## TASK GOAL
Every line below from the one containing "#80=EDGE_CURVE('E69',#30,#32,#79,.T.);" through the one containing "#89=CARTESIAN_POINT('',(0.,3.,-29.15815));" must be transcribed exactly. Omit all lines outside that stretch.

BEGIN EXTRACTED ENTRIES

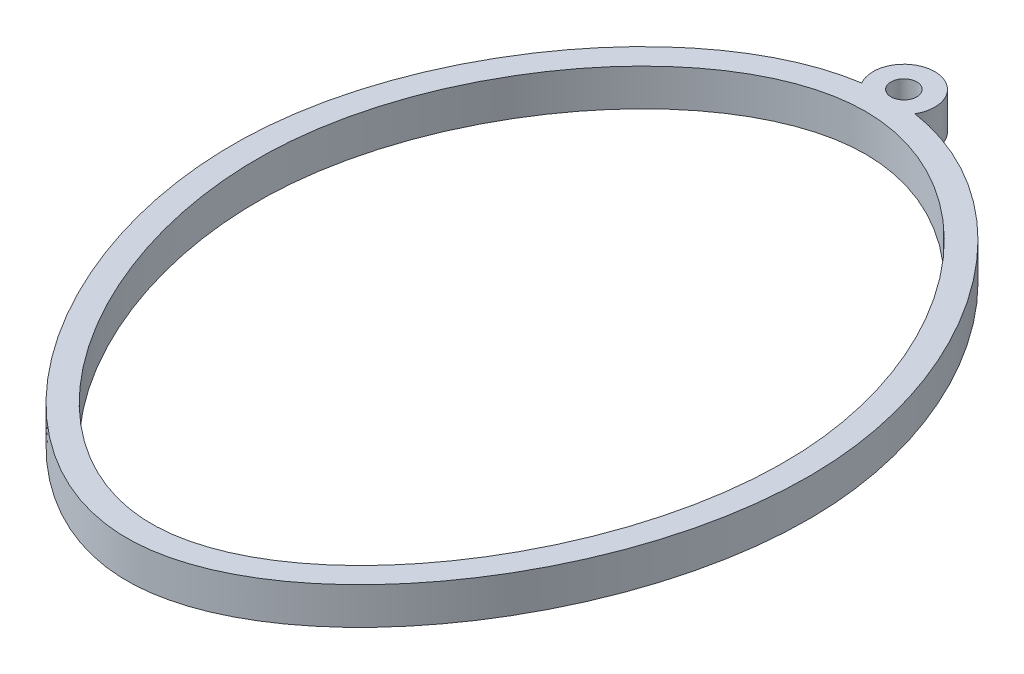
ISO-10303-21;
HEADER;
FILE_DESCRIPTION(('STEP AP214'),'2;1');
FILE_NAME('part.step','',(''),(''),'','','');
FILE_SCHEMA(('AUTOMOTIVE_DESIGN { 1 0 10303 214 1 1 1 1 }'));
ENDSEC;
DATA;
#1=APPLICATION_CONTEXT('core data for automotive mechanical design processes');
#2=APPLICATION_PROTOCOL_DEFINITION('international standard','automotive_design',2000,#1);
#3=PRODUCT_CONTEXT('',#1,'mechanical');
#4=PRODUCT('Part','Part','',(#3));
#5=PRODUCT_RELATED_PRODUCT_CATEGORY('part','',(#4));
#6=PRODUCT_DEFINITION_FORMATION('','',#4);
#7=PRODUCT_DEFINITION_CONTEXT('part definition',#1,'design');
#8=PRODUCT_DEFINITION('design','',#6,#7);
#9=PRODUCT_DEFINITION_SHAPE('','',#8);
#10=(LENGTH_UNIT() NAMED_UNIT(*) SI_UNIT(.MILLI.,.METRE.));
#11=(NAMED_UNIT(*) PLANE_ANGLE_UNIT() SI_UNIT($,.RADIAN.));
#12=(NAMED_UNIT(*) SI_UNIT($,.STERADIAN.) SOLID_ANGLE_UNIT());
#13=UNCERTAINTY_MEASURE_WITH_UNIT(LENGTH_MEASURE(1.E-05),#10,'distance_accuracy_value','');
#14=(GEOMETRIC_REPRESENTATION_CONTEXT(3) GLOBAL_UNCERTAINTY_ASSIGNED_CONTEXT((#13)) GLOBAL_UNIT_ASSIGNED_CONTEXT((#10,
#11,#12)) REPRESENTATION_CONTEXT('',''));
#15=CARTESIAN_POINT('',(0.,0.,0.));
#16=DIRECTION('',(0.,0.,1.));
#17=DIRECTION('',(1.,0.,0.));
#18=AXIS2_PLACEMENT_3D('',#15,#16,#17);
#19=CARTESIAN_POINT('',(0.,3.,-29.15815));
#20=DIRECTION('',(0.,-1.,0.));
#21=DIRECTION('',(0.,0.,-1.));
#22=AXIS2_PLACEMENT_3D('',#19,#20,#21);
#23=CYLINDRICAL_SURFACE('',#22,2.50000000000001);
#24=CARTESIAN_POINT('',(0.,0.,-29.15815));
#25=DIRECTION('',(0.,1.,0.));
#26=DIRECTION('',(0.,0.,1.));
#27=AXIS2_PLACEMENT_3D('',#24,#25,#26);
#28=CIRCLE('',#27,2.50000000000001);
#29=CARTESIAN_POINT('',(2.15648974343033,0.,-27.8934160412243));
#30=VERTEX_POINT('',#29);
#31=CARTESIAN_POINT('',(-2.15648974343032,0.,-27.8934160412243));
#32=VERTEX_POINT('',#31);
#33=EDGE_CURVE('E61',#30,#32,#28,.T.);
#34=ORIENTED_EDGE('',*,*,#33,.T.);
#35=DIRECTION('',(0.,-1.,0.));
#36=VECTOR('',#35,1.);
#37=CARTESIAN_POINT('',(-2.15648974343032,3.,-27.8934160412243));
#38=LINE('',#37,#36);
#39=CARTESIAN_POINT('',(-2.15648974343032,3.,-27.8934160412243));
#40=VERTEX_POINT('',#39);
#41=EDGE_CURVE('E11',#40,#32,#38,.T.);
#42=ORIENTED_EDGE('',*,*,#41,.F.);
#43=CARTESIAN_POINT('',(0.,3.,-29.15815));
#44=DIRECTION('',(0.,1.,0.));
#45=DIRECTION('',(0.,0.,1.));
#46=AXIS2_PLACEMENT_3D('',#43,#44,#45);
#47=CIRCLE('',#46,2.50000000000001);
#48=CARTESIAN_POINT('',(2.15648974343033,3.,-27.8934160412243));
#49=VERTEX_POINT('',#48);
#50=EDGE_CURVE('E63',#49,#40,#47,.T.);
#51=ORIENTED_EDGE('',*,*,#50,.F.);
#52=DIRECTION('',(0.,-1.,0.));
#53=VECTOR('',#52,1.);
#54=CARTESIAN_POINT('',(2.15648974343033,3.,-27.8934160412243));
#55=LINE('',#54,#53);
#56=EDGE_CURVE('E45',#49,#30,#55,.T.);
#57=ORIENTED_EDGE('',*,*,#56,.T.);
#58=EDGE_LOOP('',(#34,#42,#51,#57));
#59=FACE_BOUND('',#58,.T.);
#60=ADVANCED_FACE('F36',(#59),#23,.T.);
#61=CARTESIAN_POINT('',(0.,3.,-28.05815));
#62=CARTESIAN_POINT('',(11.1984148689767,3.,-28.05815));
#63=CARTESIAN_POINT('',(35.0157614883057,3.,0.789423132721355));
#64=CARTESIAN_POINT('',(0.,3.,51.3644304721501));
#65=CARTESIAN_POINT('',(-35.0157614883057,3.,0.789423132721347));
#66=CARTESIAN_POINT('',(-11.1984148689767,3.,-28.05815));
#67=CARTESIAN_POINT('',(0.,3.,-28.05815));
#68=B_SPLINE_CURVE_WITH_KNOTS('',3,(#61,#62,#63,#64,#65,#66,#67),.UNSPECIFIED.,.T.,.F.,(4,1,1,1,
4),(0.,0.235089471719085,0.5,0.764910528280915,1.),.UNSPECIFIED.);
#69=DIRECTION('',(0.,-1.,0.));
#70=VECTOR('',#69,1.);
#71=SURFACE_OF_LINEAR_EXTRUSION('',#68,#70);
#72=CARTESIAN_POINT('',(0.,0.,-28.05815));
#73=CARTESIAN_POINT('',(11.1984148689767,0.,-28.05815));
#74=CARTESIAN_POINT('',(35.0157614883057,0.,0.789423132721355));
#75=CARTESIAN_POINT('',(0.,0.,51.3644304721501));
#76=CARTESIAN_POINT('',(-35.0157614883057,0.,0.789423132721347));
#77=CARTESIAN_POINT('',(-11.1984148689767,0.,-28.05815));
#78=CARTESIAN_POINT('',(0.,0.,-28.05815));
#79=B_SPLINE_CURVE_WITH_KNOTS('',3,(#72,#73,#74,#75,#76,#77,#78),.UNSPECIFIED.,.T.,.F.,(4,1,1,1,
4),(0.,0.235089471719085,0.5,0.764910528280915,1.),.UNSPECIFIED.);
#80=EDGE_CURVE('E69',#30,#32,#79,.T.);
#81=ORIENTED_EDGE('',*,*,#80,.F.);
#82=ORIENTED_EDGE('',*,*,#56,.F.);
#83=EDGE_CURVE('E96',#49,#40,#68,.T.);
#84=ORIENTED_EDGE('',*,*,#83,.T.);
#85=ORIENTED_EDGE('',*,*,#41,.T.);
#86=EDGE_LOOP('',(#81,#82,#84,#85));
#87=FACE_BOUND('',#86,.T.);
#88=ADVANCED_FACE('F72',(#87),#71,.T.);
#89=CARTESIAN_POINT('',(0.,3.,-29.15815));
#90=DIRECTION('',(0.,-1.,0.));
#91=DIRECTION('',(0.,0.,-1.));
#92=AXIS2_PLACEMENT_3D('',#89,#90,#91);
#93=CYLINDRICAL_SURFACE('',#92,1.05);
#94=CARTESIAN_POINT('',(0.,3.,-29.15815));
#95=DIRECTION('',(0.,1.,0.));
#96=DIRECTION('',(0.,0.,1.));
#97=AXIS2_PLACEMENT_3D('',#94,#95,#96);
#98=CIRCLE('',#97,1.05);
#99=CARTESIAN_POINT('',(0.,3.,-28.10815));
#100=VERTEX_POINT('',#99);
#101=EDGE_CURVE('E76',#100,#100,#98,.T.);
#102=ORIENTED_EDGE('',*,*,#101,.T.);
#103=EDGE_LOOP('',(#102));
#104=FACE_BOUND('',#103,.T.);
#105=CARTESIAN_POINT('',(0.,0.,-29.15815));
#106=DIRECTION('',(0.,1.,0.));
#107=DIRECTION('',(0.,0.,1.));
#108=AXIS2_PLACEMENT_3D('',#105,#106,#107);
#109=CIRCLE('',#108,1.05);
#110=CARTESIAN_POINT('',(0.,0.,-28.10815));
#111=VERTEX_POINT('',#110);
#112=EDGE_CURVE('E70',#111,#111,#109,.T.);
#113=ORIENTED_EDGE('',*,*,#112,.F.);
#114=EDGE_LOOP('',(#113));
#115=FACE_BOUND('',#114,.T.);
#116=ADVANCED_FACE('F38',(#104,#115),#93,.F.);
#117=CARTESIAN_POINT('',(0.,3.,-26.05815));
#118=CARTESIAN_POINT('',(10.2035236768543,3.,-26.05815));
#119=CARTESIAN_POINT('',(32.0245891451344,3.,0.848463171444488));
#120=CARTESIAN_POINT('',(0.,3.,48.3534652331395));
#121=CARTESIAN_POINT('',(-32.0245891451344,3.,0.848463171444475));
#122=CARTESIAN_POINT('',(-10.2035236768543,3.,-26.05815));
#123=CARTESIAN_POINT('',(0.,3.,-26.05815));
#124=B_SPLINE_CURVE_WITH_KNOTS('',3,(#117,#118,#119,#120,#121,#122,#123),.UNSPECIFIED.,.T.,.F.,
(4,1,1,1,4),(0.,0.23379985023386,0.5,0.76620014976614,1.),.UNSPECIFIED.);
#125=DIRECTION('',(0.,-1.,0.));
#126=VECTOR('',#125,1.);
#127=SURFACE_OF_LINEAR_EXTRUSION('',#124,#126);
#128=CARTESIAN_POINT('',(0.,3.,-26.05815));
#129=VERTEX_POINT('',#128);
#130=EDGE_CURVE('E65',#129,#129,#124,.T.);
#131=ORIENTED_EDGE('',*,*,#130,.F.);
#132=EDGE_LOOP('',(#131));
#133=FACE_BOUND('',#132,.T.);
#134=CARTESIAN_POINT('',(0.,0.,-26.05815));
#135=CARTESIAN_POINT('',(10.2035236768543,0.,-26.05815));
#136=CARTESIAN_POINT('',(32.0245891451344,0.,0.848463171444488));
#137=CARTESIAN_POINT('',(0.,0.,48.3534652331395));
#138=CARTESIAN_POINT('',(-32.0245891451344,0.,0.848463171444475));
#139=CARTESIAN_POINT('',(-10.2035236768543,0.,-26.05815));
#140=CARTESIAN_POINT('',(0.,0.,-26.05815));
#141=B_SPLINE_CURVE_WITH_KNOTS('',3,(#134,#135,#136,#137,#138,#139,#140),.UNSPECIFIED.,.T.,.F.,
(4,1,1,1,4),(0.,0.23379985023386,0.5,0.76620014976614,1.),.UNSPECIFIED.);
#142=CARTESIAN_POINT('',(0.,0.,-26.05815));
#143=VERTEX_POINT('',#142);
#144=EDGE_CURVE('E73',#143,#143,#141,.T.);
#145=ORIENTED_EDGE('',*,*,#144,.T.);
#146=EDGE_LOOP('',(#145));
#147=FACE_BOUND('',#146,.T.);
#148=ADVANCED_FACE('F105',(#133,#147),#127,.F.);
#149=CARTESIAN_POINT('',(0.,3.,0.));
#150=DIRECTION('',(0.,1.,0.));
#151=DIRECTION('',(0.,0.,1.));
#152=AXIS2_PLACEMENT_3D('',#149,#150,#151);
#153=PLANE('',#152);
#154=ORIENTED_EDGE('',*,*,#101,.F.);
#155=EDGE_LOOP('',(#154));
#156=FACE_BOUND('',#155,.T.);
#157=ORIENTED_EDGE('',*,*,#50,.T.);
#158=ORIENTED_EDGE('',*,*,#83,.F.);
#159=EDGE_LOOP('',(#157,#158));
#160=FACE_BOUND('',#159,.T.);
#161=ORIENTED_EDGE('',*,*,#130,.T.);
#162=EDGE_LOOP('',(#161));
#163=FACE_BOUND('',#162,.T.);
#164=ADVANCED_FACE('F109',(#156,#160,#163),#153,.T.);
#165=CARTESIAN_POINT('',(0.,0.,0.));
#166=DIRECTION('',(0.,1.,0.));
#167=DIRECTION('',(0.,0.,1.));
#168=AXIS2_PLACEMENT_3D('',#165,#166,#167);
#169=PLANE('',#168);
#170=ORIENTED_EDGE('',*,*,#112,.T.);
#171=EDGE_LOOP('',(#170));
#172=FACE_BOUND('',#171,.T.);
#173=ORIENTED_EDGE('',*,*,#33,.F.);
#174=ORIENTED_EDGE('',*,*,#80,.T.);
#175=EDGE_LOOP('',(#173,#174));
#176=FACE_BOUND('',#175,.T.);
#177=ORIENTED_EDGE('',*,*,#144,.F.);
#178=EDGE_LOOP('',(#177));
#179=FACE_BOUND('',#178,.T.);
#180=ADVANCED_FACE('F67',(#172,#176,#179),#169,.F.);
#181=CLOSED_SHELL('',(#60,#88,#116,#148,#164,#180));
#182=MANIFOLD_SOLID_BREP('B2',#181);
#183=ADVANCED_BREP_SHAPE_REPRESENTATION('',(#18,#182),#14);
#184=SHAPE_DEFINITION_REPRESENTATION(#9,#183);
ENDSEC;
END-ISO-10303-21;

END EXTRACTED ENTRIES

## EXERCISE ANSWER
#80=EDGE_CURVE('E69',#30,#32,#79,.T.);
#81=ORIENTED_EDGE('',*,*,#80,.F.);
#82=ORIENTED_EDGE('',*,*,#56,.F.);
#83=EDGE_CURVE('E96',#49,#40,#68,.T.);
#84=ORIENTED_EDGE('',*,*,#83,.T.);
#85=ORIENTED_EDGE('',*,*,#41,.T.);
#86=EDGE_LOOP('',(#81,#82,#84,#85));
#87=FACE_BOUND('',#86,.T.);
#88=ADVANCED_FACE('F72',(#87),#71,.T.);
#89=CARTESIAN_POINT('',(0.,3.,-29.15815));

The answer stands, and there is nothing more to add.